I know, I know. There are good reasons to separate from some and to keep a distance from others.
But does it not seem that when we agree with another leader on every single doctrinal point and have the same basic ministry philosophy but share a different alma mater or are associated with a different leader, we could still enjoy fellowship together? And perhaps we could still learn from the other?
Let’s guard against elevating personalities and institutions as our test of fellowship. Again, to put it bluntly, it’s carnal.
For ye are yet carnal: for whereas there is among you envying, and strife, and divisions, are ye not carnal, and walk as men? For while one saith, I am of Paul; and another, I am of Apollos; are ye not carnal?—1 Corinthians 3:3–4
7. Back to the Local Church
I’m grieved to see large metropolitan cities, especially here on the West Coast, with few to none Baptist, gospel-preaching churches. I’m grieved to see churches around the nation sitting empty or closing their doors.

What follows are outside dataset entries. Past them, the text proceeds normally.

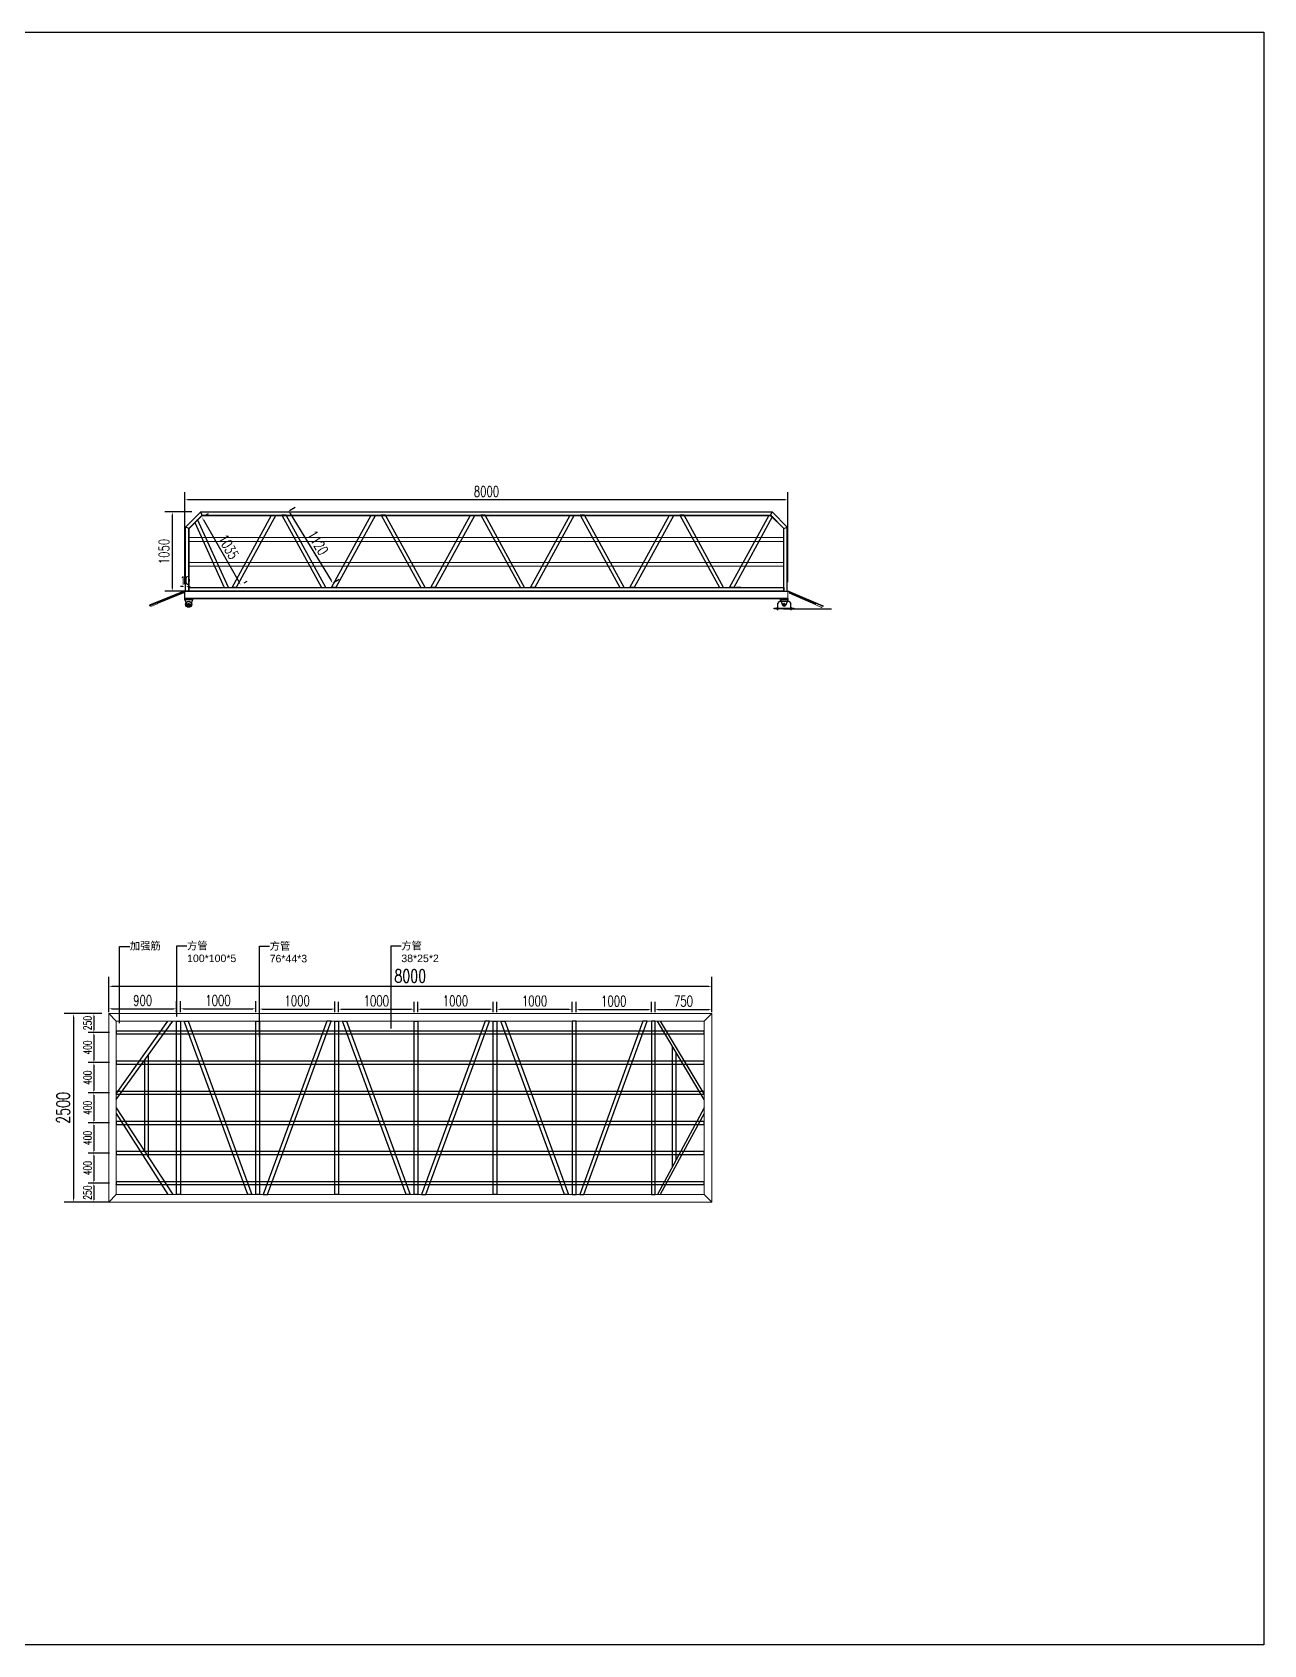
# Model space of a CAD drawing. Header units: millimetres. Extents: x -2430464 to 225692, y -180 to 1805330.
# Drawn here: x -751830 to -735491, y 477268 to 498664 of the extents above; entities that cross this region are included whole.
import ezdxf
from ezdxf import colors
from ezdxf.entities.mleader import LeaderData, LeaderLine
from ezdxf.math import Vec2, Vec3

# ---------------------------------------------------------------- set-up
doc = ezdxf.new("R2010")
doc.units = ezdxf.units.MM
doc.header["$LTSCALE"] = 1000
doc.linetypes.add('CENTER2', pattern=[28.575, 19.05, -3.175, 3.175, -3.175])
doc.linetypes.add('DASHED2', pattern=[0.375, 0.25, -0.125])
doc.layers.get('0').update_dxf_attribs({"linetype": 'CONTINUOUS'})
doc.layers.get('DEFPOINTS').update_dxf_attribs({"linetype": 'CONTINUOUS'})
doc.layers.add('0 [HR] Dim', color=6, linetype='CONTINUOUS', lineweight=13)
doc.layers.add('W-STEEL_FRAME钢架', color=3, linetype='CONTINUOUS')
doc.styles.add('M', font='arial.ttf')
doc.styles.add('STANDARD_T3', font='simplex.shx', dxfattribs={"width": 0.7, "bigfont": 'gbcbig.shx'})
doc.dimstyles.new('W&&30', dxfattribs={"dimtxt": 105, "dimasz": 30, "dimexe": 75, "dimexo": 90, "dimgap": 30, "dimtad": 1, "dimdec": 0, "dimzin": 0, "dimdsep": 46, "dimtxsty": 'STANDARD_T3', "dimcen": 0.09, "dimclrd": 1, "dimclre": 1, "dimclrt": 7, "dimazin": 2, "dimtfac": 1, "dimtdec": 0, "dimtix": 1, "dimtmove": 2, "dimatfit": 3, "dimfxl": 0, "dimtolj": 1, "dimtzin": 0, "dimarcsym": 0})
doc.dimstyles.new('W&&40', dxfattribs={"dimtxt": 140, "dimasz": 40, "dimexe": 100, "dimexo": 120, "dimgap": 40, "dimtad": 1, "dimdec": 0, "dimzin": 0, "dimdsep": 46, "dimtxsty": 'STANDARD_T3', "dimcen": 0.09, "dimclrd": 1, "dimclre": 1, "dimclrt": 7, "dimazin": 2, "dimtfac": 1, "dimtdec": 0, "dimtix": 1, "dimtmove": 2, "dimatfit": 3, "dimfxl": 0, "dimtolj": 1, "dimtzin": 0, "dimarcsym": 0})
doc.dimstyles.new('W&&50', dxfattribs={"dimtxt": 175, "dimasz": 50, "dimexe": 125, "dimexo": 150, "dimgap": 50, "dimtad": 1, "dimdec": 0, "dimzin": 0, "dimdsep": 46, "dimtxsty": 'STANDARD_T3', "dimcen": 0.09, "dimclrd": 1, "dimclre": 1, "dimclrt": 7, "dimazin": 2, "dimtfac": 1, "dimtdec": 0, "dimtix": 1, "dimtmove": 2, "dimatfit": 3, "dimfxl": 0, "dimtolj": 1, "dimtzin": 0, "dimarcsym": 0})

# ---------------------------------------------------------------- blocks, each defined once
blk = doc.blocks.new('Hole -side1')
at = {"color": 3, "linetype": 'CENTER2'}
blk.add_line((-13, 0), (26, 0), dxfattribs=at)
at = {"linetype": 'DASHED2'}
blk.add_lwpolyline([(0, -11), (10, -11), (10, 11), (0, 11)], close=True, dxfattribs=at)
blk = doc.blocks.new('*D3001')
at = {"layer": 'DEFPOINTS', "color": 0, "transparency": 16777216}
for p in [(-750815, 486004), (-750815, 485642), (-742815, 485642)]:
    blk.add_point(p, dxfattribs=at)
at = {"layer": 'W-STEEL_FRAME钢架', "color": 1, "lineweight": -2, "transparency": 16777216}
for p, q in [((-750815, 485792), (-750815, 486129)), ((-742815, 485792), (-742815, 486129)), ((-742865, 486004), (-750765, 486004))]:
    blk.add_line(p, q, dxfattribs=at)
at = {"layer": 'W-STEEL_FRAME钢架', "color": 1, "transparency": 16777216}
for points in [[(-750765, 486013), (-750765, 485996), (-750815, 486004)], [(-742865, 486013), (-742865, 485996), (-742815, 486004)]]:
    blk.add_solid(points, dxfattribs=at)
at = {"layer": 'W-STEEL_FRAME钢架', "color": 7, "transparency": 16777216, "insert": (-746815, 486142), "char_height": 175, "attachment_point": 5, "style": 'STANDARD_T3'}
blk.add_mtext('\\A1;8000', dxfattribs=at)
blk = doc.blocks.new('*D3002')
at = {"layer": 'DEFPOINTS', "color": 0, "transparency": 16777216}
for p in [(-750815, 485642), (-751281, 483142), (-750815, 483142)]:
    blk.add_point(p, dxfattribs=at)
at = {"layer": 'W-STEEL_FRAME钢架', "color": 1, "lineweight": -2, "transparency": 16777216}
for p, q in [((-750965, 485642), (-751406, 485642)), ((-751281, 485592), (-751281, 483192)), ((-750965, 483142), (-751406, 483142))]:
    blk.add_line(p, q, dxfattribs=at)
at = {"layer": 'W-STEEL_FRAME钢架', "color": 1, "transparency": 16777216}
for points in [[(-751289, 485592), (-751273, 485592), (-751281, 485642)], [(-751289, 483192), (-751273, 483192), (-751281, 483142)]]:
    blk.add_solid(points, dxfattribs=at)
at = {"layer": 'W-STEEL_FRAME钢架', "color": 7, "transparency": 16777216, "insert": (-751419, 484392), "char_height": 175, "attachment_point": 5, "rotation": 90, "style": 'STANDARD_T3'}
blk.add_mtext('\\A1;2500', dxfattribs=at)
blk = doc.blocks.new('*D3003')
at = {"layer": 'DEFPOINTS', "color": 0, "transparency": 16777216}
for p in [(-749915, 485706), (-750815, 485542), (-749915, 485542)]:
    blk.add_point(p, dxfattribs=at)
at = {"layer": 'W-STEEL_FRAME钢架', "color": 1, "lineweight": -2, "transparency": 16777216}
for p, q in [((-750815, 485662), (-750815, 485806)), ((-750775, 485706), (-749955, 485706)), ((-749915, 485662), (-749915, 485806))]:
    blk.add_line(p, q, dxfattribs=at)
at = {"layer": 'W-STEEL_FRAME钢架', "color": 1, "transparency": 16777216}
for points in [[(-750775, 485713), (-750775, 485700), (-750815, 485706)], [(-749955, 485713), (-749955, 485700), (-749915, 485706)]]:
    blk.add_solid(points, dxfattribs=at)
at = {"layer": 'W-STEEL_FRAME钢架', "color": 7, "transparency": 16777216, "insert": (-750365, 485816), "char_height": 140, "attachment_point": 5, "style": 'STANDARD_T3'}
blk.add_mtext('\\A1;900', dxfattribs=at)
blk = doc.blocks.new('*D3004')
at = {"layer": 'DEFPOINTS', "color": 0, "transparency": 16777216}
for p in [(-748865, 485706), (-749865, 485542), (-748865, 485542)]:
    blk.add_point(p, dxfattribs=at)
at = {"layer": 'W-STEEL_FRAME钢架', "color": 1, "lineweight": -2, "transparency": 16777216}
for p, q in [((-749865, 485662), (-749865, 485806)), ((-749825, 485706), (-748905, 485706)), ((-748865, 485662), (-748865, 485806))]:
    blk.add_line(p, q, dxfattribs=at)
at = {"layer": 'W-STEEL_FRAME钢架', "color": 1, "transparency": 16777216}
for points in [[(-749825, 485713), (-749825, 485700), (-749865, 485706)], [(-748905, 485713), (-748905, 485700), (-748865, 485706)]]:
    blk.add_solid(points, dxfattribs=at)
at = {"layer": 'W-STEEL_FRAME钢架', "color": 7, "transparency": 16777216, "insert": (-749365, 485816), "char_height": 140, "attachment_point": 5, "style": 'STANDARD_T3'}
blk.add_mtext('\\A1;1000', dxfattribs=at)
blk = doc.blocks.new('*D3005')
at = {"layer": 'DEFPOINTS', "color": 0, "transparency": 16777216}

And frankly, I think the Lord is grieved as well.
…Christ also loved the church, and gave himself for it;—Ephesians 5:25
A basic of the basics for New Testament Christianity is the local church—its doctrine, its polity, its leadership, its adherence to truth, and its propagation.
Take heed therefore unto yourselves, and to all the flock, over the which the Holy Ghost hath made you overseers, to feed the church of God, which he hath purchased with his own blood.—Acts 20:28
I love the local church, I pray for a revival of church planting—here in the United States and around the world.
The Way Back
If we long for Acts-type blessings through our witness and in our churches, we must return to Acts-type practices of obedience to God’s Word and submission to God’s Spirit.
If we will see revival, we need to get back to the basics.